> EXERCISE
Your answer must be every line of the data that contains "ezdxf".

> EXCERPTED DATA
○ ○ ○
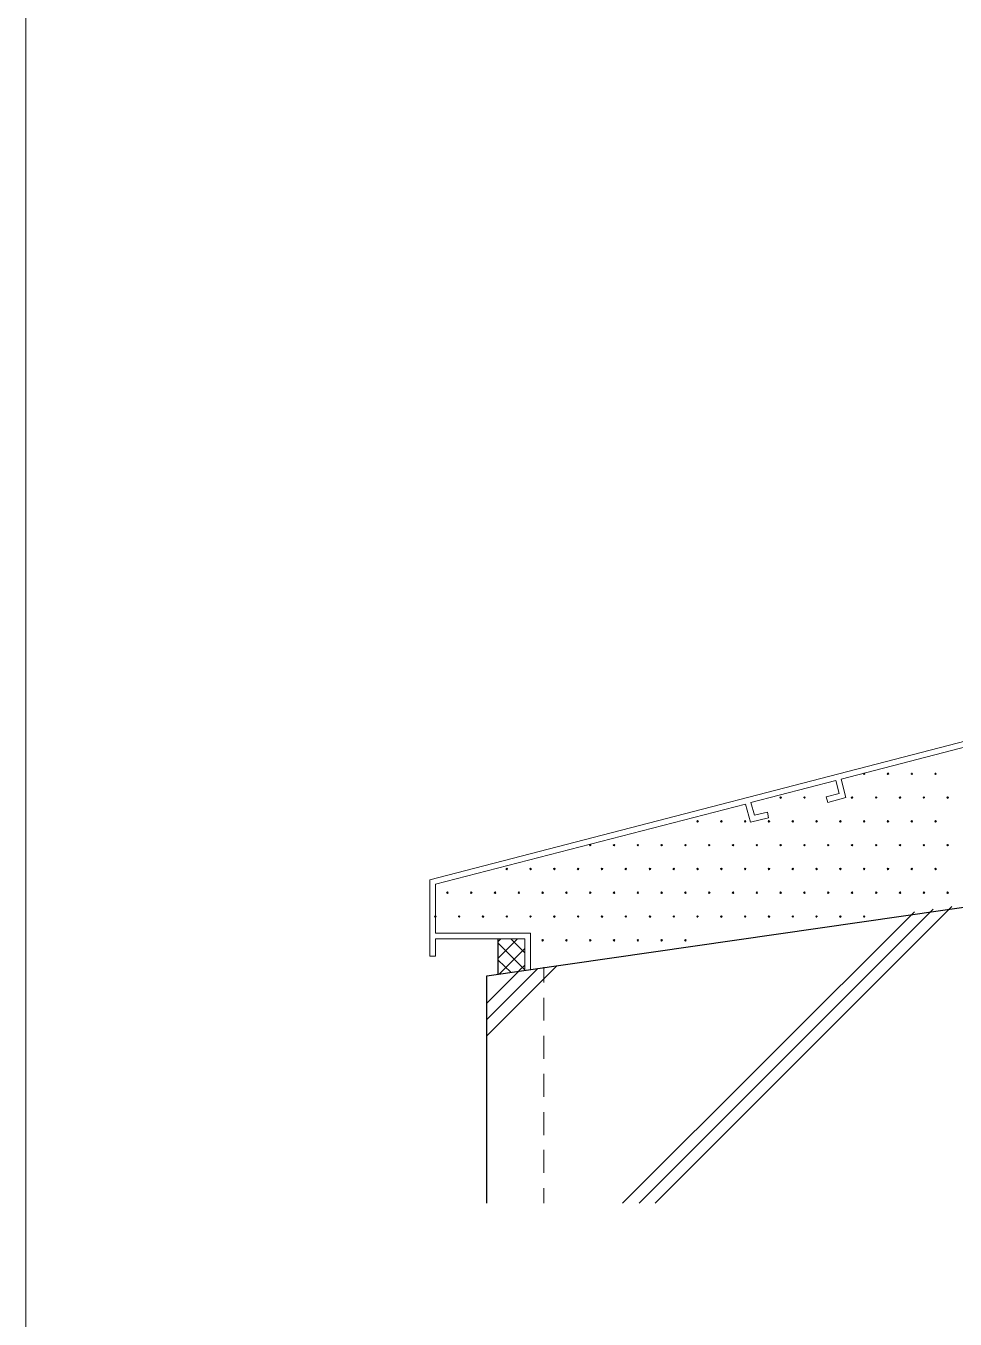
# Model space of a CAD drawing. Header units: millimetres. Extents: x 0 to 420, y 0 to 297.
# Drawn here: x 0.2 to 48.9, y 108.4 to 176.3 of the extents above; entities that cross this region are included whole.
import ezdxf

# ---------------------------------------------------------------- set-up
doc = ezdxf.new("R2010")
doc.units = ezdxf.units.MM

msp = doc.modelspace()

# ---------------------------------------------------------------- hatches: boundary and pattern name
for points in [[(44.175, 137.033), (44.154, 137.012), (44.132, 136.991), (44.154, 136.969), (44.175, 136.948), (44.196, 136.969), (44.217, 136.991), (44.196, 137.012), (44.175, 137.033)], [(45.424, 137.033), (45.403, 137.012), (45.381, 136.991), (45.403, 136.969), (45.424, 136.948), (45.445, 136.969), (45.466, 136.991), (45.445, 137.012), (45.424, 137.033)], [(46.673, 137.033), (46.651, 137.012), (46.63, 136.991), (46.651, 136.969), (46.673, 136.948), (46.694, 136.969), (46.715, 136.991), (46.694, 137.012), (46.673, 137.033)], [(47.921, 137.033), (47.9, 137.012), (47.879, 136.991), (47.9, 136.969), (47.921, 136.948), (47.943, 136.969), (47.964, 136.991), (47.943, 137.012), (47.921, 137.033)], [(39.793, 135.784), (39.772, 135.763), (39.751, 135.742), (39.772, 135.721), (39.793, 135.7), (39.814, 135.721), (39.836, 135.742), (39.814, 135.763), (39.793, 135.784)], [(41.042, 135.784), (41.021, 135.763), (41, 135.742), (41.021, 135.721), (41.042, 135.7), (41.063, 135.721), (41.085, 135.742), (41.063, 135.763), (41.042, 135.784)], [(43.54, 135.784), (43.519, 135.763), (43.498, 135.742), (43.519, 135.721), (43.54, 135.7), (43.561, 135.721), (43.582, 135.742), (43.561, 135.763), (43.54, 135.784)], [(44.81, 135.784), (44.789, 135.763), (44.768, 135.742), (44.789, 135.721), (44.81, 135.7), (44.831, 135.721), (44.852, 135.742), (44.831, 135.763), (44.81, 135.784)], [(46.059, 135.784), (46.037, 135.763), (46.016, 135.742), (46.037, 135.721), (46.059, 135.7), (46.08, 135.721), (46.101, 135.742), (46.08, 135.763), (46.059, 135.784)], [(47.307, 135.784), (47.286, 135.763), (47.265, 135.742), (47.286, 135.721), (47.307, 135.7), (47.329, 135.721), (47.35, 135.742), (47.329, 135.763), (47.307, 135.784)], [(48.556, 135.784), (48.535, 135.763), (48.514, 135.742), (48.535, 135.721), (48.556, 135.7), (48.578, 135.721), (48.599, 135.742), (48.578, 135.763), (48.556, 135.784)], [(35.433, 134.535), (35.412, 134.514), (35.391, 134.493), (35.412, 134.472), (35.433, 134.451), (35.454, 134.472), (35.475, 134.493), (35.454, 134.514), (35.433, 134.535)], [(36.682, 134.535), (36.661, 134.514), (36.639, 134.493), (36.661, 134.472), (36.682, 134.451), (36.703, 134.472), (36.724, 134.493), (36.703, 134.514), (36.682, 134.535)], [(37.931, 134.535), (37.91, 134.514), (37.888, 134.493), (37.91, 134.472), (37.931, 134.451), (37.952, 134.472), (37.973, 134.493), (37.952, 134.514), (37.931, 134.535)], [(39.18, 134.535), (39.158, 134.514), (39.137, 134.493), (39.158, 134.472), (39.18, 134.451), (39.201, 134.472), (39.222, 134.493), (39.201, 134.514), (39.18, 134.535)], [(40.428, 134.535), (40.407, 134.514), (40.386, 134.493), (40.407, 134.472), (40.428, 134.451), (40.45, 134.472), (40.471, 134.493), (40.45, 134.514), (40.428, 134.535)], [(41.677, 134.535), (41.656, 134.514), (41.635, 134.493), (41.656, 134.472), (41.677, 134.451), (41.698, 134.472), (41.72, 134.493), (41.698, 134.514), (41.677, 134.535)], [(42.926, 134.535), (42.905, 134.514), (42.884, 134.493), (42.905, 134.472), (42.926, 134.451), (42.947, 134.472), (42.968, 134.493), (42.947, 134.514), (42.926, 134.535)], [(44.175, 134.535), (44.154, 134.514), (44.132, 134.493), (44.154, 134.472), (44.175, 134.451), (44.196, 134.472), (44.217, 134.493), (44.196, 134.514), (44.175, 134.535)], [(45.424, 134.535), (45.403, 134.514), (45.381, 134.493), (45.403, 134.472), (45.424, 134.451), (45.445, 134.472), (45.466, 134.493), (45.445, 134.514), (45.424, 134.535)], [(46.673, 134.535), (46.651, 134.514), (46.63, 134.493), (46.651, 134.472), (46.673, 134.451), (46.694, 134.472), (46.715, 134.493), (46.694, 134.514), (46.673, 134.535)], [(47.921, 134.535), (47.9, 134.514), (47.879, 134.493), (47.9, 134.472), (47.921, 134.451), (47.943, 134.472), (47.964, 134.493), (47.943, 134.514), (47.921, 134.535)], [(29.803, 133.286), (29.782, 133.265), (29.76, 133.244), (29.782, 133.223), (29.803, 133.202), (29.824, 133.223), (29.845, 133.244), (29.824, 133.265), (29.803, 133.286)], [(31.052, 133.286), (31.03, 133.265), (31.009, 133.244), (31.03, 133.223), (31.052, 133.202), (31.073, 133.223), (31.094, 133.244), (31.073, 133.265), (31.052, 133.286)], [(32.3, 133.286), (32.279, 133.265), (32.258, 133.244), (32.279, 133.223), (32.3, 133.202), (32.321, 133.223), (32.343, 133.244), (32.321, 133.265), (32.3, 133.286)], [(33.549, 133.286), (33.528, 133.265), (33.507, 133.244), (33.528, 133.223), (33.549, 133.202), (33.57, 133.223), (33.591, 133.244), (33.57, 133.265), (33.549, 133.286)], [(34.798, 133.286), (34.777, 133.265), (34.756, 133.244), (34.777, 133.223), (34.798, 133.202), (34.819, 133.223), (34.84, 133.244), (34.819, 133.265), (34.798, 133.286)], [(36.047, 133.286), (36.026, 133.265), (36.005, 133.244), (36.026, 133.223), (36.047, 133.202), (36.068, 133.223), (36.089, 133.244), (36.068, 133.265), (36.047, 133.286)], [(37.296, 133.286), (37.275, 133.265), (37.253, 133.244), (37.275, 133.223), (37.296, 133.202), (37.317, 133.223), (37.338, 133.244), (37.317, 133.265), (37.296, 133.286)], [(38.545, 133.286), (38.523, 133.265), (38.502, 133.244), (38.523, 133.223), (38.545, 133.202), (38.566, 133.223), (38.587, 133.244), (38.566, 133.265), (38.545, 133.286)], [(39.793, 133.286), (39.772, 133.265), (39.751, 133.244), (39.772, 133.223), (39.793, 133.202), (39.814, 133.223), (39.836, 133.244), (39.814, 133.265), (39.793, 133.286)], [(41.042, 133.286), (41.021, 133.265), (41, 133.244), (41.021, 133.223), (41.042, 133.202), (41.063, 133.223), (41.085, 133.244), (41.063, 133.265), (41.042, 133.286)], [(42.291, 133.286), (42.27, 133.265), (42.249, 133.244), (42.27, 133.223), (42.291, 133.202), (42.312, 133.223), (42.333, 133.244), (42.312, 133.265), (42.291, 133.286)], [(43.54, 133.286), (43.519, 133.265), (43.498, 133.244), (43.519, 133.223), (43.54, 133.202), (43.561, 133.223), (43.582, 133.244), (43.561, 133.265), (43.54, 133.286)], [(44.81, 133.286), (44.789, 133.265), (44.768, 133.244), (44.789, 133.223), (44.81, 133.202), (44.831, 133.223), (44.852, 133.244), (44.831, 133.265), (44.81, 133.286)], [(46.059, 133.286), (46.037, 133.265), (46.016, 133.244), (46.037, 133.223), (46.059, 133.202), (46.08, 133.223), (46.101, 133.244), (46.08, 133.265), (46.059, 133.286)], [(47.307, 133.286), (47.286, 133.265), (47.265, 133.244), (47.286, 133.223), (47.307, 133.202), (47.329, 133.223), (47.35, 133.244), (47.329, 133.265), (47.307, 133.286)], [(48.556, 133.286), (48.535, 133.265), (48.514, 133.244), (48.535, 133.223), (48.556, 133.202), (48.578, 133.223), (48.599, 133.244), (48.578, 133.265), (48.556, 133.286)], [(25.421, 132.038), (25.4, 132.017), (25.379, 131.995), (25.4, 131.974), (25.421, 131.953), (25.442, 131.974), (25.464, 131.995), (25.442, 132.017), (25.421, 132.038)], [(26.67, 132.038), (26.649, 132.017), (26.628, 131.995), (26.649, 131.974), (26.67, 131.953), (26.691, 131.974), (26.712, 131.995), (26.691, 132.017), (26.67, 132.038)], [(27.919, 132.038), (27.898, 132.017), (27.877, 131.995), (27.898, 131.974), (27.919, 131.953), (27.94, 131.974), (27.961, 131.995), (27.94, 132.017), (27.919, 132.038)], [(29.168, 132.038), (29.146, 132.017), (29.125, 131.995), (29.146, 131.974), (29.168, 131.953), (29.189, 131.974), (29.21, 131.995), (29.189, 132.017), (29.168, 132.038)], [(30.416, 132.038), (30.395, 132.017), (30.374, 131.995), (30.395, 131.974), (30.416, 131.953), (30.438, 131.974), (30.459, 131.995), (30.438, 132.017), (30.416, 132.038)], [(31.665, 132.038), (31.644, 132.017), (31.623, 131.995), (31.644, 131.974), (31.665, 131.953), (31.687, 131.974), (31.708, 131.995), (31.687, 132.017), (31.665, 132.038)], [(32.935, 132.038), (32.914, 132.017), (32.893, 131.995), (32.914, 131.974), (32.935, 131.953), (32.957, 131.974), (32.978, 131.995), (32.957, 132.017), (32.935, 132.038)], [(34.184, 132.038), (34.163, 132.017), (34.142, 131.995), (34.163, 131.974), (34.184, 131.953), (34.205, 131.974), (34.227, 131.995), (34.205, 132.017), (34.184, 132.038)], [(35.433, 132.038), (35.412, 132.017), (35.391, 131.995), (35.412, 131.974), (35.433, 131.953), (35.454, 131.974), (35.475, 131.995), (35.454, 132.017), (35.433, 132.038)], [(36.682, 132.038), (36.661, 132.017), (36.639, 131.995), (36.661, 131.974), (36.682, 131.953), (36.703, 131.974), (36.724, 131.995), (36.703, 132.017), (36.682, 132.038)], [(37.931, 132.038), (37.91, 132.017), (37.888, 131.995), (37.91, 131.974), (37.931, 131.953), (37.952, 131.974), (37.973, 131.995), (37.952, 132.017), (37.931, 132.038)], [(39.18, 132.038), (39.158, 132.017), (39.137, 131.995), (39.158, 131.974), (39.18, 131.953), (39.201, 131.974), (39.222, 131.995), (39.201, 132.017), (39.18, 132.038)], [(40.428, 132.038), (40.407, 132.017), (40.386, 131.995), (40.407, 131.974), (40.428, 131.953), (40.45, 131.974), (40.471, 131.995), (40.45, 132.017), (40.428, 132.038)], [(41.677, 132.038), (41.656, 132.017), (41.635, 131.995), (41.656, 131.974), (41.677, 131.953), (41.698, 131.974), (41.72, 131.995), (41.698, 132.017), (41.677, 132.038)], [(42.926, 132.038), (42.905, 132.017), (42.884, 131.995), (42.905, 131.974), (42.926, 131.953), (42.947, 131.974), (42.968, 131.995), (42.947, 132.017), (42.926, 132.038)], [(44.175, 132.038), (44.154, 132.017), (44.132, 131.995), (44.154, 131.974), (44.175, 131.953), (44.196, 131.974), (44.217, 131.995), (44.196, 132.017), (44.175, 132.038)], [(45.424, 132.038), (45.403, 132.017), (45.381, 131.995), (45.403, 131.974), (45.424, 131.953), (45.445, 131.974), (45.466, 131.995), (45.445, 132.017), (45.424, 132.038)], [(46.673, 132.038), (46.651, 132.017), (46.63, 131.995), (46.651, 131.974), (46.673, 131.953), (46.694, 131.974), (46.715, 131.995), (46.694, 132.017), (46.673, 132.038)], [(47.921, 132.038), (47.9, 132.017), (47.879, 131.995), (47.9, 131.974), (47.921, 131.953), (47.943, 131.974), (47.964, 131.995), (47.943, 132.017), (47.921, 132.038)], [(22.31, 130.789), (22.289, 130.768), (22.267, 130.746), (22.289, 130.725), (22.31, 130.704), (22.331, 130.725), (22.352, 130.746), (22.331, 130.768), (22.31, 130.789)], [(23.559, 130.789), (23.537, 130.768), (23.516, 130.746), (23.537, 130.725), (23.559, 130.704), (23.58, 130.725), (23.601, 130.746), (23.58, 130.768), (23.559, 130.789)], [(24.807, 130.789), (24.786, 130.768), (24.765, 130.746), (24.786, 130.725), (24.807, 130.704), (24.829, 130.725), (24.85, 130.746), (24.829, 130.768), (24.807, 130.789)], [(26.056, 130.789), (26.035, 130.768), (26.014, 130.746), (26.035, 130.725), (26.056, 130.704), (26.077, 130.725), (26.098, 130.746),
○ ○ ○
> EXERCISE ANSWER
import ezdxf
doc = ezdxf.new("R2010")
doc.units = ezdxf.units.MM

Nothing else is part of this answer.